We can therefore fill any invalid parallax and radial velocity measurements by passing in custom distance and/or radial velocity data to get_skycoord():

>>> c = g.get_skycoord(distance=g.get_distance(min_parallax=1e-3*u.mas,
...                                            parallax_fill_value=1e-5*u.mas),
...                    radial_velocity=g.get_radial_velocity(fill_value=1e8*
>>> c.galactic 
<SkyCoord (Galactic): (l, b, distance) in (deg, deg, pc)
    [(288.19236138, 2.43659588, 1.00000000e+08),
     (288.32526751, 2.18391781, 1.00000000e+08),
     (288.32933722, 2.46100214, 2.40832836e+03),
     (288.24762666, 2.24721944, 1.00000000e+08),
     (288.2192576 , 2.45677656, 4.31030352e+03),
     (288.38223571, 2.50727897, 1.00000000e+08),
     (288.32950975, 2.50348803, 1.27315032e+03),
     (288.03472562, 1.89930315, 8.73809348e+02)]
 (pm_l_cosb, pm_b, radial_velocity) in (mas / yr, mas / yr, km / s)
    [(         nan,         nan,    nan),
     ( -6.49472182,  0.75047358, 1.e+08),
     ( -3.87451798, -0.8264891 , 1.e+08),
     ( -6.52193605, -3.52263043, 1.e+08),
     ( -3.34309802, -0.92741245, 1.e+08),
     ( -5.49737417, -4.03517439, 1.e+08),
     ( -7.35557765, -1.27131657, 1.e+08),
     (-12.82935235, -1.37765851, 1.e+08)]>

Generating error samples

It is sometimes useful to generate random samples from the Gaia error distribution for each source.

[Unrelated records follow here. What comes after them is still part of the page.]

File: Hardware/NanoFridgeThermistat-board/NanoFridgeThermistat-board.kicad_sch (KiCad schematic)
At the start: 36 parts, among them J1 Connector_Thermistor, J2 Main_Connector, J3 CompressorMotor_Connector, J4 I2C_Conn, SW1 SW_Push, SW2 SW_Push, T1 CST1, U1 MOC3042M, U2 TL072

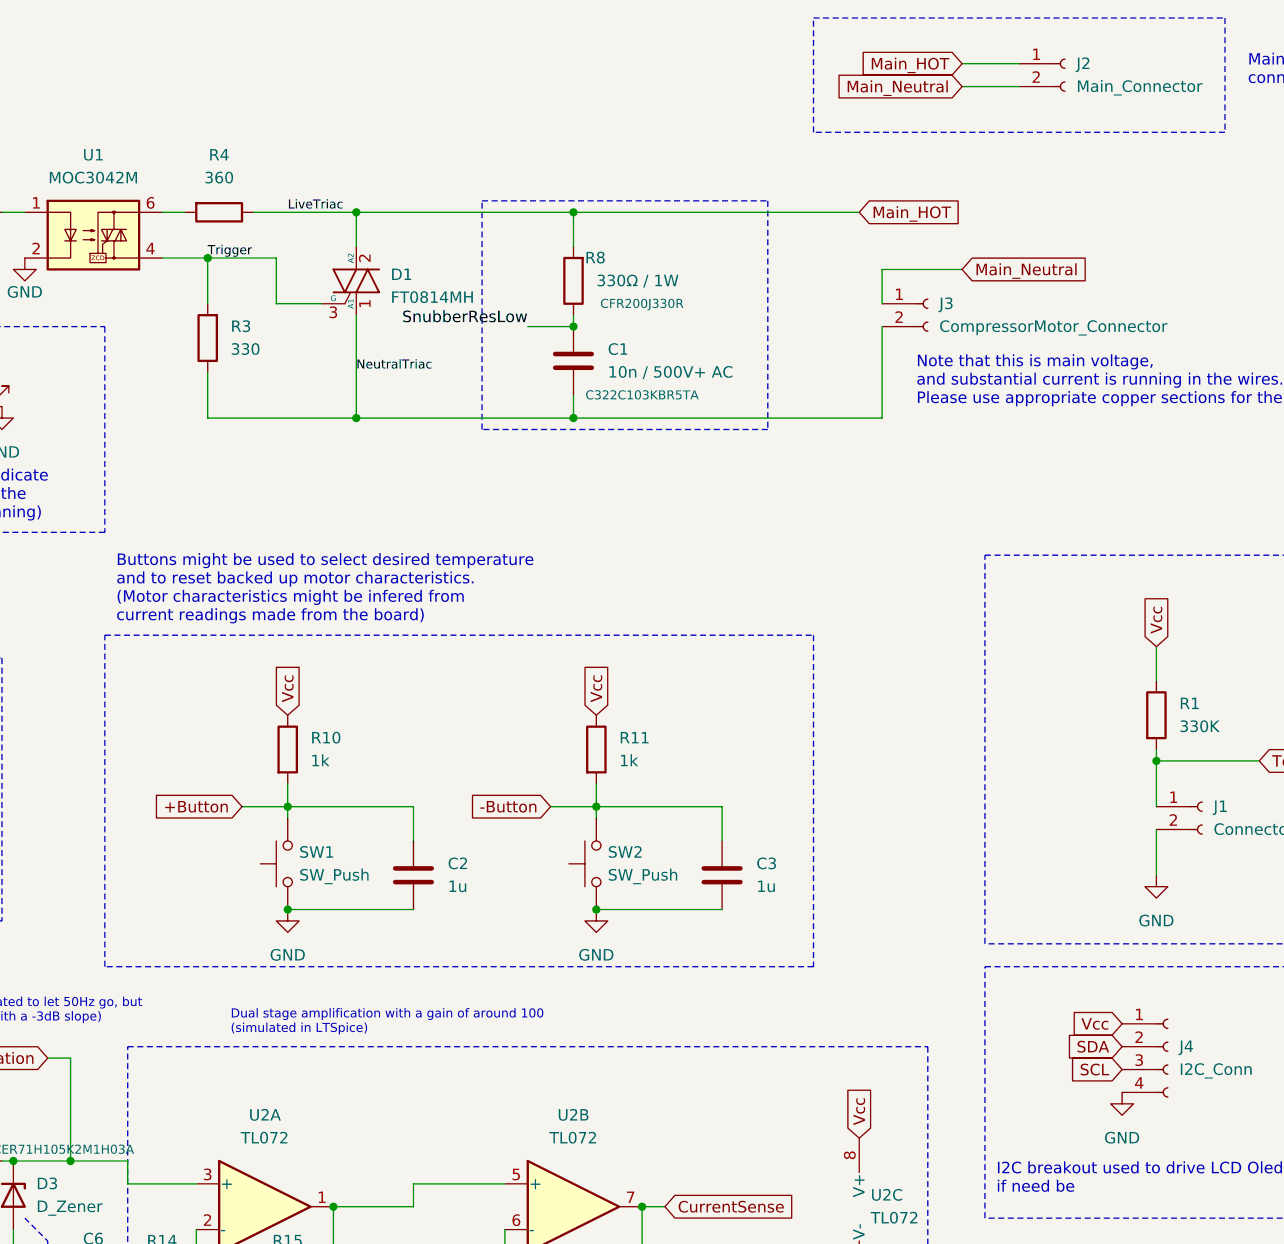
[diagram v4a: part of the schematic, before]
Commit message: Upgraded board with new models, components and layout
Signed-off-by: bebenlebricolo <benoittarrade@hotmail.fr>
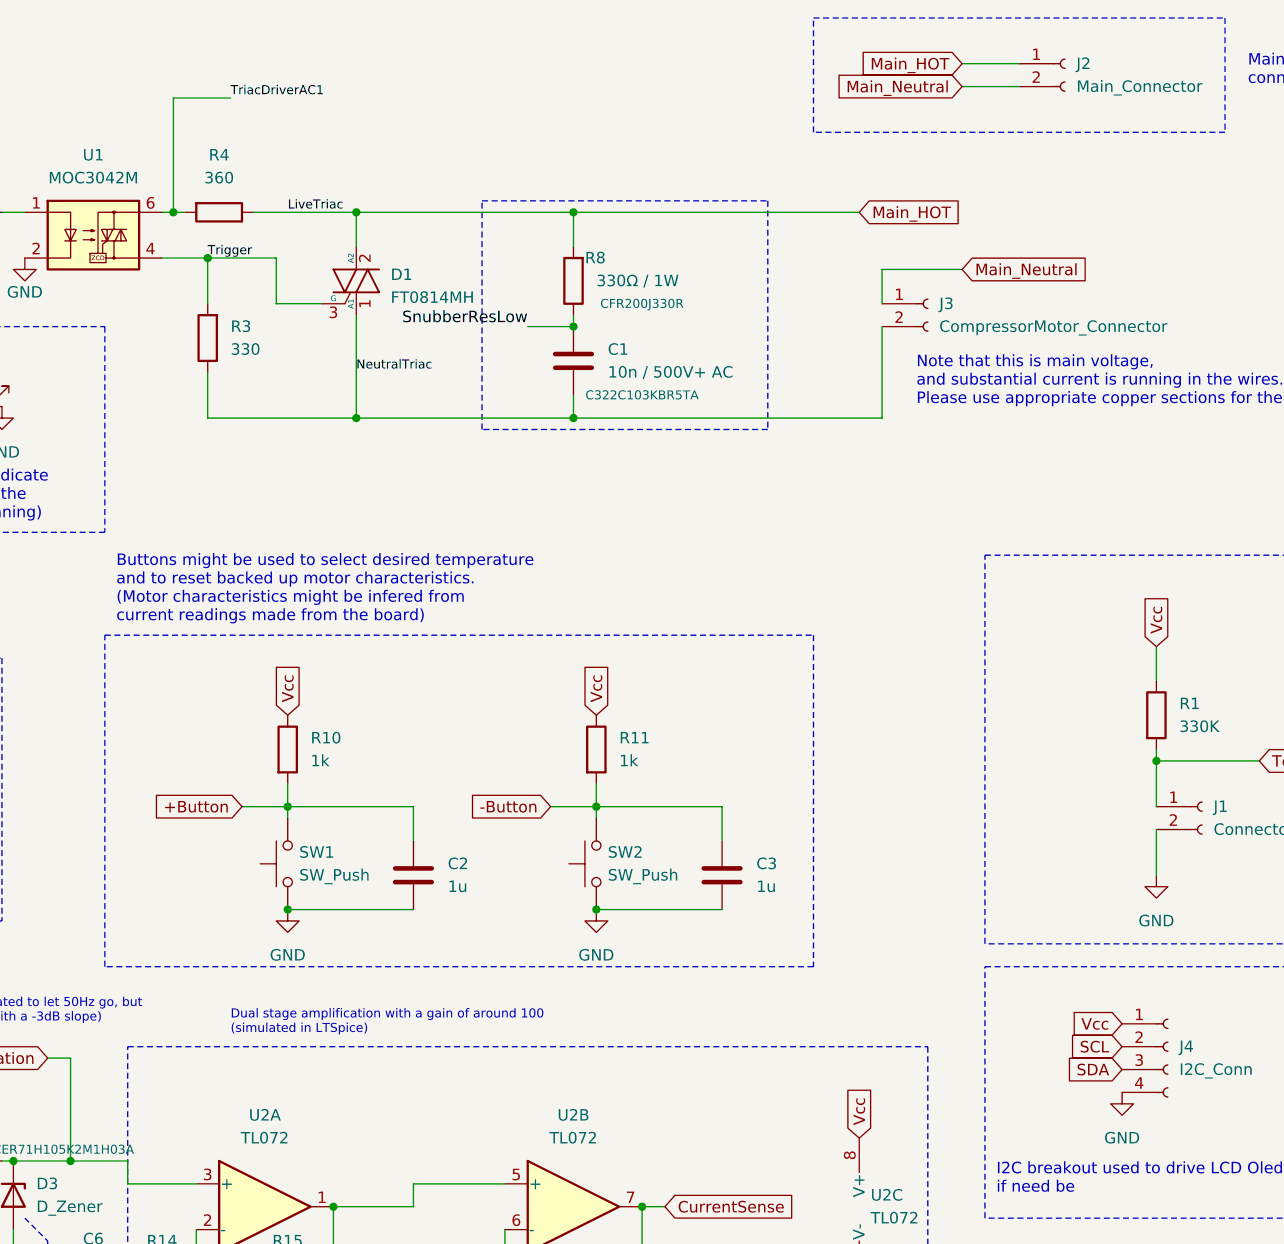
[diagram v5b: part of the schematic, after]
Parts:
- J2, J3: footprint TerminalBlock:TerminalBlock_bornier-2_P5.08mm -> TEConnectors:TE-282836-2-5.08mm
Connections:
- net SCL: now also J4.2 (Pin_2); no longer J4.3 (Pin_3)
- net SDA: now also J4.3 (Pin_3); no longer J4.2 (Pin_2)
- net TriacDriverAC1: now reaches R4.2, U1.6
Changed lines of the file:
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@@
   (junction (at 125.73 140.97) (diameter 0) (color 0 0 0 0)
+  )
+  (junction (at 137.16 35.56) (diameter 0) (color 0 0 0 0)
   )
   (junction (at 107.95 140.97) (diameter 0) (color 0 0 0 0)
@@
     (stroke (width 0) (type default))
   )
+  (wire (pts (xy 137.16 35.56) (xy 137.16 22.86))
+    (stroke (width 0) (type default))
+  )
+  (wire (pts (xy 137.16 22.86) (xy 143.51 22.86))
+    (stroke (width 0) (type default))
+  )
   (wire (pts (xy 153.67 45.72) (xy 148.59 45.72))
     (stroke (width 0) (type default))
@@
     (stroke (width 0) (type dash_dot_dot))
   )
-  (wire (pts (xy 135.89 35.56) (xy 138.43 35.56))
+  (wire (pts (xy 135.89 35.56) (xy 137.16 35.56))
     (stroke (width 0) (type default))
   )
@@
   )
   (wire (pts (xy 148.59 40.64) (xy 140.97 40.64))
+    (stroke (width 0) (type default))
+  )
+  (wire (pts (xy 137.16 35.56) (xy 138.43 35.56))
     (stroke (width 0) (type default))
   )
@@
   (label "SnubberResLow" (at 176.53 48.26 180) (fields_autoplaced)
     (effects (font (size 1.27 1.27)) (justify right bottom))
+  )
+  (label "TriacDriverAC1" (at 143.51 22.86 0) (fields_autoplaced)
+    (effects (font (size 1 1)) (justify left bottom))
   )
   (label "NeutralTriac" (at 157.48 53.34 0) (fields_autoplaced)
@@
     )
   )
-  (global_label "SDA" (shape input) (at 242.57 128.27 180) (fields_autoplaced)
+  (global_label "SDA" (shape input) (at 242.57 130.81 180) (fields_autoplaced)
     (effects (font (size 1.27 1.27)) (justify right))
-    (property "Intersheetrefs" "${INTERSHEET_REFS}" (at 236.0167 128.27 0)
+    (property "Intersheetrefs" "${INTERSHEET_REFS}" (at 236.0167 130.81 0)
       (effects (font (size 1.27 1.27)) (justify right) hide)
     )
@@
     )
   )
-  (global_label "SCL" (shape input) (at 242.57 130.81 180) (fields_autoplaced)
+  (global_label "SCL" (shape input) (at 242.57 128.27 180) (fields_autoplaced)
     (effects (font (size 1.27 1.27)) (justify right))
-    (property "Intersheetrefs" "${INTERSHEET_REFS}" (at 236.0772 130.81 0)
+    (property "Intersheetrefs" "${INTERSHEET_REFS}" (at 236.0772 128.27 0)
       (effects (font (size 1.27 1.27)) (justify right) hide)
     )
@@
       (effects (font (size 1.27 1.27)) (justify left))
     )
-    (property "Footprint" "TerminalBlock:TerminalBlock_bornier-2_P5.08mm" (at 220.98 45.72 0)
+    (property "Footprint" "TEConnectors:TE-282836-2-5.08mm" (at 220.98 45.72 0)
       (effects (font (size 1.27 1.27)) hide)
     )
@@
       (effects (font (size 1.27 1.27)) (justify left))
     )
-    (property "Footprint" "TerminalBlock:TerminalBlock_bornier-2_P5.08mm" (at 236.22 19.05 0)
-      (effects (font (size 1.27 1.27)) hide)
-    )
+    (property "Footprint" "TEConnectors:TE-282836-2-5.08mm" (at 236.22 19.05 0)
+      (effects (font (size 1.27 1.27)) hide)
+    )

This can be useful when, for example, transforming to a new coordinate system when you want to propagate the (correlated!) uncertainty in the Gaia data through your analysis. We can generate samples from the Gaia error distribution using pyia. As an example, we’ll work with a small subset of the Gaia data that have radial velocity measurements, sub-select only nearby sources, and then generate error samples for the sources. We’ll then transform the samples to Galactocentric coordinates to look at the uncertainty distribution for the full-space velocity.

First, let’s load the data:

>>> g_rv = GaiaData(f'{data_path}/gdr2_rv_sm.fits')

All of these sources have measured radial velocities:

>>> g_rv.radial_velocity[:4] 
<Quantity [  7.89796709,  30.88496542,   3.04709697, -34.91701273] km / s>

Let’s now select only nearby (within 500 pc) sources:

>>> g_rv = g_rv[g_rv.parallax > 2*u.mas]

To generate samples from the error distribution, we use the .get_error_samples() method, and pass in the number of samples to generate (here, 256):

>>> import numpy as np
>>> g_samples = g_rv.get_error_samples(size=256,
...                                    rnd=np.random.RandomState(seed=42))

Let’s now get a SkyCoord object to represent the data for these sources and samples, and transform to a Galactocentric coordinate frame using the Astropy coordinate transformation machinery:

>>> c_samples = g_samples.get_skycoord()
>>> import astropy.coordinates as coord
>>> _ = coord.galactocentric_frame_defaults.set('v4.0')
>>> galcen = c_samples.transform_to(coord.Galactocentric)

Let’s now look at the uncertainty on the magnitude of the total velocity, v, for each of these sources:

>>> v = galcen.velocity.norm()

And finally, let’s compute (from the error samples) the uncertainty on the total velocity for these sources:

>>> err_v = np.std(v, axis=1)
>>> err_v 
<Quantity [1.19963698, 0.90448355, 0.76143172, 0.58234578, 0.56352556,
           5.05012474, 0.57285428, 0.41450777, 0.13843949, 0.40697535,
           1.01139842, 1.72859784, 0.10139791, 2.64303227, 0.22751807,
           0.0897801 , 0.62391201, 0.65292275, 0.77665343, 0.84242905,
           1.27174119, 2.13547719, 1.80547001, 1.15228657] km / s>

Most of these uncertainties are less than 1-2 km/s! These take into account the parallax, proper motion, and radial velocity uncertainties provided by Gaia.


pyia Package


GaiaData(data, **kwargs)

Class for loading and interacting with data from the Gaia mission.